Ich hab jetzt Power Cinema 2.0, 5.0 und Das Windows Media Center sowie DScaler benutzt.

Ja ich glaube auch das es mit dem blauen PCI Slot zusammenhängt, dass das bild "körnig" und etwas unscharf ist.

MIt DScarler hab ich das zwar etwas eindämmen können aber ich glaube nicht das ich das vollständig beheben kann. 

Hat jemand noch eine Idee wie ich Ton bei dem Programm bekomme?!

@ amdintel

Wie soll ich denn das Modem deaktivieren? Inwiefern ist der Slot modifiziert? Liefert der mehr Strom, sodass TV Karte und Modem zusammen betrieben werden können?


----------



## amdintel (4. Juni 2010)

KingBeike schrieb:


> Ich hab jetzt Power
> 
> Ja ich glaube auch das es mit dem blauen PCI Slot zusammenhängt, dass das bild "körnig" und etwas unscharf ist.
> 
> ...



würde erst mal kuck ob alle Sound  Einstellungen ok,

das machen auch noch andere Hersteller u.a. mit dem 
blauen PCI, hat der PC keinen ?
(der Blaue PCI ist immer ein Modifizierter Slot )
wo dann solche Karten drauf laufen sollten .

Modem Deaktivieren den Treiber in der Systemst.
das der nicht mehr geladen wird.

ansonsten würde ich sagen Tonne , 
(ohne Schalt Bild um zu kucken ob die Karte noch irgendwo einen Ton Ausgang hat, kann man nicht viel machen );
da weiter rum zu experimentiere lohnt nicht,
für 30 € bekommste schon eine Neue und bessere ,
iss war wahrscheinlich noch eine alte Analoge
die du  hast?


----------



## SpaM_BoT (4. Juni 2010)

@KingBeike

Das ist eine sogenannte PCI Combo Karte - TV/Radio/Modem. Solche Karten funktionieren normalerweise nur in die von MSI spezifizierten PCI-Combosteckplätzen. Demnach hast eigentlich schon großes Glück dass sie überhaupt "halbwegs" funktioniert.


----------



## KingBeike (4. Juni 2010)

Mit anderen Programmen hab ich ja bei der Karte Ton. Es liegt also definitiv am Programm.

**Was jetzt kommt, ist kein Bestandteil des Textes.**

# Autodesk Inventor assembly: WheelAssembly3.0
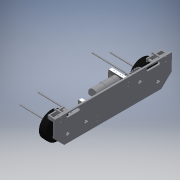
[picture p0: Inventor's stored thumbnail of the model, 180x180]
Saved by Autodesk Inventor 2017 (Build 210142000, 142)
## iProperties
Created: 2017-07-22
Part Number: WheelAssembly3.0
Document SubType Name: Assembly
Designer: User
Author: User
## Documents named in this file (14)
- C:\Robotics\CAD\WheelAssembly3.0.iam
- C:\Robotics\CAD\2016-17_CAD\DriveTrain\DriveTrain3.0.ipt
- C:\Robotics\CAD\COTSParts\Motors\Andymark 2964  NeveRest 40 Motor.ipt
- C:\Robotics\CAD\COTSParts\Tetrix\tetrix-motor-mounts-1.snapshot.1\Tetrex 2pc motor mount.ipt
- C:\Robotics\CAD\COTSParts\Actobotics\615 parts\615398.ipt
- C:\Robotics\CAD\2016-17_CAD\Custom COTS\4inax.ipt
- C:\Robotics\CAD\COTSParts\Actobotics\615 parts\615106.ipt
- C:\Robotics\CAD\COTSParts\Actobotics\545 parts\545556.ipt
- C:\Robotics\CAD\COTSParts\Actobotics\615 parts\615114.ipt
- C:\Robotics\CAD\2016-17_CAD\DriveTrain\Tensioner.iam
- C:\Robotics\CAD\COTSParts\Actobotics\545 parts\545456.ipt
- C:\Robotics\CAD\COTSParts\Wheels\4in Wheel Intergreated Hub 8mm Rev2.ipt
- C:\Robotics\CAD\2016-17_CAD\DriveTrain\MotorFixedPositionMount.ipt
- C:\Robotics\CAD\COTSParts\Actobotics\Thrust Bearings\6655K13.ipt
## Components (36 placed, 13 different names)
1. DriveTrain3.0:1 — Flush:3, Flush:4, Mate:2, Flush:5, Mate:3, Flush:6, Angle:1, Insert:7, Insert:8, Angle:2, Insert:9, Insert:10, Insert:16, Insert:17, Flush:17, Flush:18, Mate:21, Flush:19, Mate:22, Flush:20
2. Andymark 2964  NeveRest 40 Motor:1 — Insert:3, Insert:6, Angle:2
3. Andymark 2964  NeveRest 40 Motor:2 — Insert:4, Insert:5, Angle:1
4. Tetrex 2pc motor mount:1 — Insert:3, Flush:3, Mate:3, Flush:6, Mate:17, Insert:45, Insert:46
5. Tetrex 2pc motor mount:2 — Insert:4, Flush:4, Mate:2, Flush:5, Mate:10, Insert:30, Insert:31
6. 615398:1 — Insert:5, Insert:44
7. 615398:2 — Insert:6
8. 615398:3 — Insert:7, Insert:36
9. 615398:4 — Insert:8, Insert:38
10. 4inax:1 — Insert:9, Mate:18
11. 4inax:2 — Insert:10, Mate:8, Mate:16, Mate:19, Mate:23
12. 615106:2 — Insert:26, Flush:21
13. 4inax:3 — Insert:16
14. 4inax:4 — Insert:17, Mate:9, Mate:14, Mate:15
15. 545556:3 — Insert:26, Mate:14, Insert:29
16. 615114:2 — Insert:37, Flush:21
17. 545556:4 — Insert:36, Insert:37, Insert:43
18. Tensioner:1 [sub-assembly] — Flush:17, Flush:18, Mate:21
19. 545556:5 — Mate:23, Mate:24, Insert:40
20. 545456:1 — Insert:40, Insert:41
21. 4in Wheel Intergreated Hub 8mm Rev2:1 — Insert:41
22. DriveTrain3.0:2 — Mate:8, Mate:9, Mate:10
23. Tensioner:2 [sub-assembly] — Flush:19, Mate:22, Flush:20
24. 545556:6 — Insert:27, Insert:29
25. 545456:2 — Insert:27, Insert:28
26. 4in Wheel Intergreated Hub 8mm Rev2:2 — Insert:28
27. DriveTrain3.0:3 — Mate:15, Mate:16, Mate:17
28. MotorFixedPositionMount:1 — Insert:30, Insert:31
29. MotorFixedPositionMount:2 — Insert:45, Insert:46
30. 545556:7 — Mate:18, Insert:38, Insert:39, Insert:42
31. 545556:8 — Insert:35, Mate:19
32. 615114:3 — Insert:39, Flush:22
33. 615106:3 — Insert:35, Flush:22, Mate:24
34. 6655K13:1 — Insert:42
35. 6655K13:2 — Insert:43
36. 6655K13:3 — Insert:44
## Relationships (55: Insert 28, Mate 15, Flush 10, Angle 2)
- Insert:3: Andymark 2964  NeveRest 40 Motor:1 ↔ Tetrex 2pc motor mount:1
- Insert:4: Andymark 2964  NeveRest 40 Motor:2 ↔ Tetrex 2pc motor mount:2
- Flush:3 (159.5374 mm): DriveTrain3.0:1 ↔ Tetrex 2pc motor mount:1
- Flush:4 (159.5374 mm): DriveTrain3.0:1 ↔ Tetrex 2pc motor mount:2
- Insert:5: Andymark 2964  NeveRest 40 Motor:2 ↔ 615398:1
- Mate:2: DriveTrain3.0:1 ↔ Tetrex 2pc motor mount:2
- Flush:5 (7.3152 mm): DriveTrain3.0:1 ↔ Tetrex 2pc motor mount:2
- Mate:3: DriveTrain3.0:1 ↔ Tetrex 2pc motor mount:1
- Flush:6 (-20.3454 mm): DriveTrain3.0:1 ↔ Tetrex 2pc motor mount:1
- Angle:1 (0 deg): DriveTrain3.0:1 ↔ Andymark 2964  NeveRest 40 Motor:2
- Insert:6: Andymark 2964  NeveRest 40 Motor:1 ↔ 615398:2
- Insert:7 (25.4508 mm): DriveTrain3.0:1 ↔ 615398:3
- Insert:8 (25.4508 mm): DriveTrain3.0:1 ↔ 615398:4
- Angle:2 (180 deg): DriveTrain3.0:1 ↔ Andymark 2964  NeveRest 40 Motor:1
- Insert:9 (-6.35 mm): DriveTrain3.0:1 ↔ 4inax:1
- Insert:10 (-6.35 mm): DriveTrain3.0:1 ↔ 4inax:2
- Insert:16 (-6.35 mm): DriveTrain3.0:1 ↔ 4inax:3
- Insert:17 (-6.35 mm): DriveTrain3.0:1 ↔ 4inax:4
- Mate:8: 4inax:2 ↔ DriveTrain3.0:2
- Mate:9: 4inax:4 ↔ DriveTrain3.0:2
- Mate:10: Tetrex 2pc motor mount:2 ↔ DriveTrain3.0:2
- Insert:26: 615106:2 ↔ 545556:3
- Mate:14: 4inax:4 ↔ 545556:3
- Insert:27: 545556:6 ↔ 545456:2
- Insert:28: 545456:2 ↔ 4in Wheel Intergreated Hub 8mm Rev2:2
- Insert:29 (3.175 mm): 545556:3 ↔ 545556:6
- Mate:15: 4inax:4 ↔ DriveTrain3.0:3
- Mate:16: 4inax:2 ↔ DriveTrain3.0:3
- Mate:17: Tetrex 2pc motor mount:1 ↔ DriveTrain3.0:3
- Insert:30: Tetrex 2pc motor mount:2 ↔ MotorFixedPositionMount:1
- Insert:31: Tetrex 2pc motor mount:2 ↔ MotorFixedPositionMount:1
- Insert:35: 545556:8 ↔ 615106:3
- Mate:18: 4inax:1 ↔ 545556:7
- Mate:19: 4inax:2 ↔ 545556:8
- Flush:17: DriveTrain3.0:1 ↔ Tensioner:1
- Flush:18 (34.925 mm): DriveTrain3.0:1 ↔ Tensioner:1
- Mate:21: DriveTrain3.0:1 ↔ Tensioner:1
- Flush:19: DriveTrain3.0:1 ↔ Tensioner:2
- Mate:22: DriveTrain3.0:1 ↔ Tensioner:2
- Flush:20 (-34.925 mm): DriveTrain3.0:1 ↔ Tensioner:2
- Insert:36: 615398:3 ↔ 545556:4
- Insert:37: 615114:2 ↔ 545556:4
- Flush:21: 615106:2 ↔ 615114:2
- Insert:38: 615398:4 ↔ 545556:7
- Insert:39: 545556:7 ↔ 615114:3
- Flush:22: 615114:3 ↔ 615106:3
- Mate:23: 4inax:2 ↔ 545556:5
- Mate:24 (3.175 mm): 545556:5 ↔ 615106:3
- Insert:40: 545556:5 ↔ 545456:1
- Insert:41: 545456:1 ↔ 4in Wheel Intergreated Hub 8mm Rev2:1
- Insert:42: 545556:7 ↔ 6655K13:1
- Insert:43: 545556:4 ↔ 6655K13:2
- Insert:44: 615398:1 ↔ 6655K13:3
- Insert:45: Tetrex 2pc motor mount:1 ↔ MotorFixedPositionMount:2
- Insert:46: Tetrex 2pc motor mount:1 ↔ MotorFixedPositionMount:2

Ich habe immer noch das Gefühl das die Karte einfach nur die "normale" TV Auflösung liefert und deswegen das Bild bei 1440x900 so schlecht aussieht.

Ja ich glaube auch das die Karte bei mir auf Grund des PCI Slots nicht 100% funktionieren kann. Das mit dem Modem Deaktivieren versuch ich mal. Wie hinder ich denn einen Treiber daran zu starten? MSconfig?


----------



## amdintel (4. Juni 2010)

normale TV Auflösung ist nicht 1440x900,
1440x900 ist schon fast HD Ready  HD, 
normales TV Bild hat weniger ,
wird halt nur auseinander gezogen.
was iss denn das für eine Karte DVB-T Analog , oder nur Analog? 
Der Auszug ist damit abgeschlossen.